EXERCISE MATERIAL: Begin
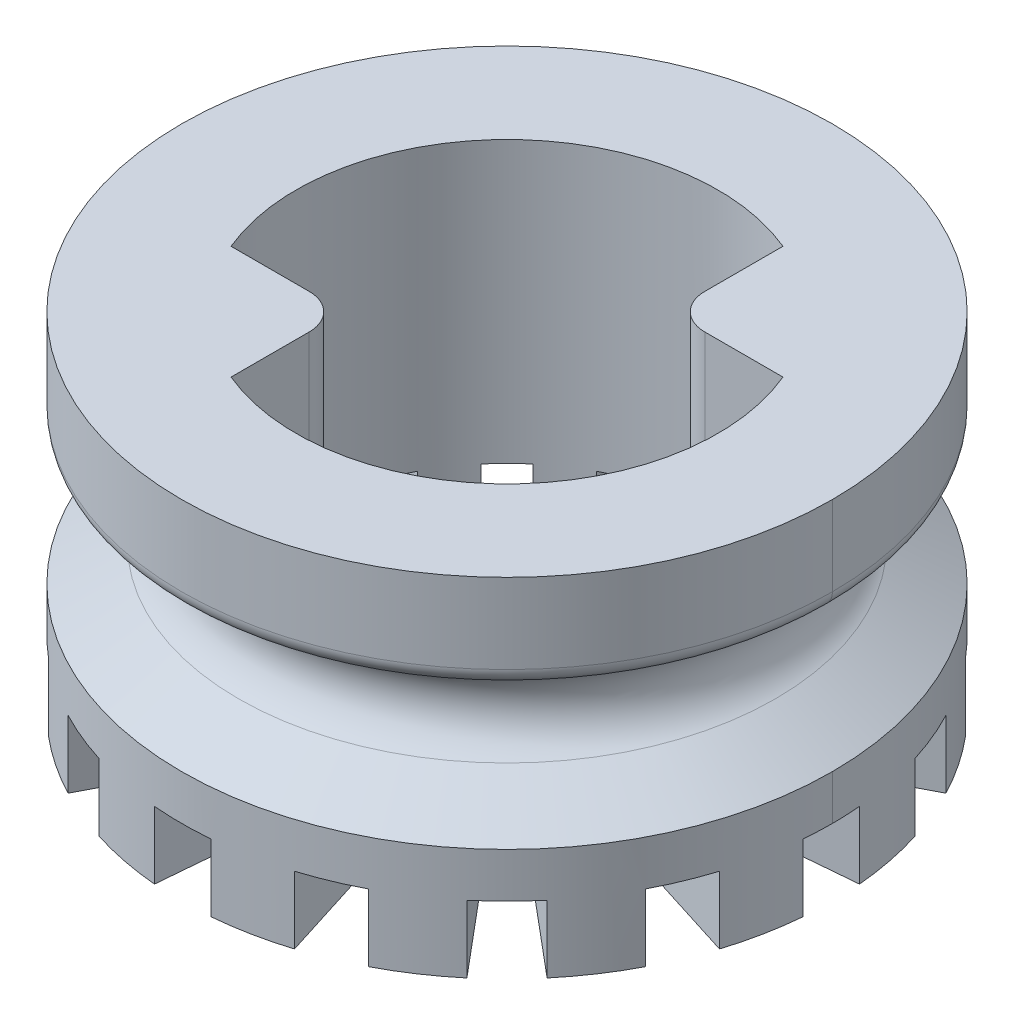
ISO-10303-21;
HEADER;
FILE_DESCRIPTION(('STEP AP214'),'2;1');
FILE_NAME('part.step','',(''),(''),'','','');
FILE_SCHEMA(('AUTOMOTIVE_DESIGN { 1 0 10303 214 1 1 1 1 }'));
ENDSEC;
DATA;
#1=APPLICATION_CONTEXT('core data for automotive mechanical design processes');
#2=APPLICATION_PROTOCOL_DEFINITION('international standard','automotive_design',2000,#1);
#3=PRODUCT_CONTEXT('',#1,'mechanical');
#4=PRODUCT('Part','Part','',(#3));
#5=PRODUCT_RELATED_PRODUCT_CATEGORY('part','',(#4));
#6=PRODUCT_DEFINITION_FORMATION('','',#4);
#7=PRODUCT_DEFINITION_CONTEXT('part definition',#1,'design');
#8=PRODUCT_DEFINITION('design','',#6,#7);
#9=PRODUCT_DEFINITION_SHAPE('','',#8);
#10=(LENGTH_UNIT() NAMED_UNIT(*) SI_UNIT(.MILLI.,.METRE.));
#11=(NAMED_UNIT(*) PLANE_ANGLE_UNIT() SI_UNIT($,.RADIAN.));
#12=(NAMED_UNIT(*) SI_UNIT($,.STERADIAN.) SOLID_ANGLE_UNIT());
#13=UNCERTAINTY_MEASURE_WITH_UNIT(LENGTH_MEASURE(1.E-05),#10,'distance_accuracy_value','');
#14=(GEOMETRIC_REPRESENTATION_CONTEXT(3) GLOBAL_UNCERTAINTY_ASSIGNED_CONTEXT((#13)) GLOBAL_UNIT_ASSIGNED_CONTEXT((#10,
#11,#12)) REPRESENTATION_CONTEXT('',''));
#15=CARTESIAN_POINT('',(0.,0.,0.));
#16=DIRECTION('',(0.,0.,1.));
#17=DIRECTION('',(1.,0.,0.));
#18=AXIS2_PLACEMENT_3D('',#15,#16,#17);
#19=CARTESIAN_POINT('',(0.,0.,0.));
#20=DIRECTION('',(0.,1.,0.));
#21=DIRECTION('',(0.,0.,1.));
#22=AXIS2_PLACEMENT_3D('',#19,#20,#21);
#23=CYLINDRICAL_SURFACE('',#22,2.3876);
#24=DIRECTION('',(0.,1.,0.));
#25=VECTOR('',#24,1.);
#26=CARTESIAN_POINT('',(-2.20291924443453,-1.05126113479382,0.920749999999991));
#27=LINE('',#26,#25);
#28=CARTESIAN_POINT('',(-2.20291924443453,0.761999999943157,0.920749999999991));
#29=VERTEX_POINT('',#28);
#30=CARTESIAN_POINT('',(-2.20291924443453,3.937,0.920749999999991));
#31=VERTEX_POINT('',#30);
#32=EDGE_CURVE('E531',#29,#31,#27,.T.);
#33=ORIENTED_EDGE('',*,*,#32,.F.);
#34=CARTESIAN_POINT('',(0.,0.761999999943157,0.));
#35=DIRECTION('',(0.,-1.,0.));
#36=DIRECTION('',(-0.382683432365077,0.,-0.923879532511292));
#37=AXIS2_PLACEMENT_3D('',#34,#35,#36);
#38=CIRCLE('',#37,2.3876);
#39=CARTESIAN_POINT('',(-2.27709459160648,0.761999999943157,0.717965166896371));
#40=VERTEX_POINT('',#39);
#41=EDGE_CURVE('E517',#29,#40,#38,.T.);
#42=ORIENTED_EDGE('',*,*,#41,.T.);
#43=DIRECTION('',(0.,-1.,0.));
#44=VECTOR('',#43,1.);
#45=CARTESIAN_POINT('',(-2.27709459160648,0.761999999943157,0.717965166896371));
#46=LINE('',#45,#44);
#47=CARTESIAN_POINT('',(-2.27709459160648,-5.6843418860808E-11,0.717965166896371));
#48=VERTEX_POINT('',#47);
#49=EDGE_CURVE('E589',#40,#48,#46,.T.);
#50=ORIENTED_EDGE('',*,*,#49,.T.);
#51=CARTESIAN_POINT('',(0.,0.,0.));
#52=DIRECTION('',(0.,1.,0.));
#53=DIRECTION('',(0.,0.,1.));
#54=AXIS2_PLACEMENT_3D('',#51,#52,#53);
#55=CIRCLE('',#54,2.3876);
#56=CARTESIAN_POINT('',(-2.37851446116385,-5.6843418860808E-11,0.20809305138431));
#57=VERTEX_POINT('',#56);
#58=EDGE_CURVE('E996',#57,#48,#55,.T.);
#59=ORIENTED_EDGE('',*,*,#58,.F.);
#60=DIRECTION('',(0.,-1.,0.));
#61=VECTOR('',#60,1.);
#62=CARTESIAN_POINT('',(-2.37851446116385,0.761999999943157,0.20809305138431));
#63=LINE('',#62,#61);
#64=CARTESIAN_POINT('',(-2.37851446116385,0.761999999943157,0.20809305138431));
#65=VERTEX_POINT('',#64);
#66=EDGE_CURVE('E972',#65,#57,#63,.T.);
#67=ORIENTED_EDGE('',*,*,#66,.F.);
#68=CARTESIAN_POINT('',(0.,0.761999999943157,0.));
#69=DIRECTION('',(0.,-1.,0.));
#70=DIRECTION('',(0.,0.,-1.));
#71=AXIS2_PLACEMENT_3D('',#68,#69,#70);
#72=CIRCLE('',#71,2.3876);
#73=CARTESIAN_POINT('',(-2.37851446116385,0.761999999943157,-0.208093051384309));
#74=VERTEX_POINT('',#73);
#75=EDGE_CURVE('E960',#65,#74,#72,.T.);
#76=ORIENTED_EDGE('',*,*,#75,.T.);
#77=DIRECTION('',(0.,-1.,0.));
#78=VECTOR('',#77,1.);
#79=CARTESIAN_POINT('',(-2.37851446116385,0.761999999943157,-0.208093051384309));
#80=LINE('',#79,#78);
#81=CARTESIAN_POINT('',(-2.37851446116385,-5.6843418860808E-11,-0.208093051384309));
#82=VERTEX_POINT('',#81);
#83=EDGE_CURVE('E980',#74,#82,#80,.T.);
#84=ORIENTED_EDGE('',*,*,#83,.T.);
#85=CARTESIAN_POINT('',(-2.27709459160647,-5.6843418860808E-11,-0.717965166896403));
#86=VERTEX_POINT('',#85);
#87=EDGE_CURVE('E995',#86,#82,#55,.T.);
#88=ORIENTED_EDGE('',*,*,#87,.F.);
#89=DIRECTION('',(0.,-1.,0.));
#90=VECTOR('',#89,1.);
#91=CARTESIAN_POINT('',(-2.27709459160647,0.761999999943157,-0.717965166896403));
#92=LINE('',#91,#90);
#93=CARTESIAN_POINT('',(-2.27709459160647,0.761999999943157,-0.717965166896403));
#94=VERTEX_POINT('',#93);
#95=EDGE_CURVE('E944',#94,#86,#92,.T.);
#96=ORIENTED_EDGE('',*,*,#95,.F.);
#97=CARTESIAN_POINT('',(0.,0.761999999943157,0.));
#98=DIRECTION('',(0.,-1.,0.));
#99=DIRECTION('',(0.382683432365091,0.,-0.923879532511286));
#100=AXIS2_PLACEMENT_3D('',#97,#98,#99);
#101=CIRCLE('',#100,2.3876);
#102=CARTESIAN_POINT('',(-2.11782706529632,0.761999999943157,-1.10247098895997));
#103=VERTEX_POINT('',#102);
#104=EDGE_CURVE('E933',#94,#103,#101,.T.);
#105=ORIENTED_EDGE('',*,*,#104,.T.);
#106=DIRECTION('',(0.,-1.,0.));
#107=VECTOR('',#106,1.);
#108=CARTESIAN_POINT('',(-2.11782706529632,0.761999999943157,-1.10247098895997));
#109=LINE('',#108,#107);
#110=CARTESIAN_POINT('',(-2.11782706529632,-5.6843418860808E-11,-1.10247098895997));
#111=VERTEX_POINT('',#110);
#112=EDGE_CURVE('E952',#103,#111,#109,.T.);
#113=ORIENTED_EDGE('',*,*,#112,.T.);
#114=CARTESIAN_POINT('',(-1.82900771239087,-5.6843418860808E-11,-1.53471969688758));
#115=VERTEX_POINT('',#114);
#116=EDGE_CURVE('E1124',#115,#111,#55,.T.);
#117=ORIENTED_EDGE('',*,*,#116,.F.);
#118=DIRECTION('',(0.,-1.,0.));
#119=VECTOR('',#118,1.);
EXERCISE MATERIAL: End
WHAT IS BEING ASKED:
Your output should consist only of the lines from the one containing "#117=ORIENTED_EDGE('',*,*,#116,.F.);" to the end of the records above, each retyped exactly.

WRITTEN SOLUTION:
#117=ORIENTED_EDGE('',*,*,#116,.F.);
#118=DIRECTION('',(0.,-1.,0.));
#119=VECTOR('',#118,1.);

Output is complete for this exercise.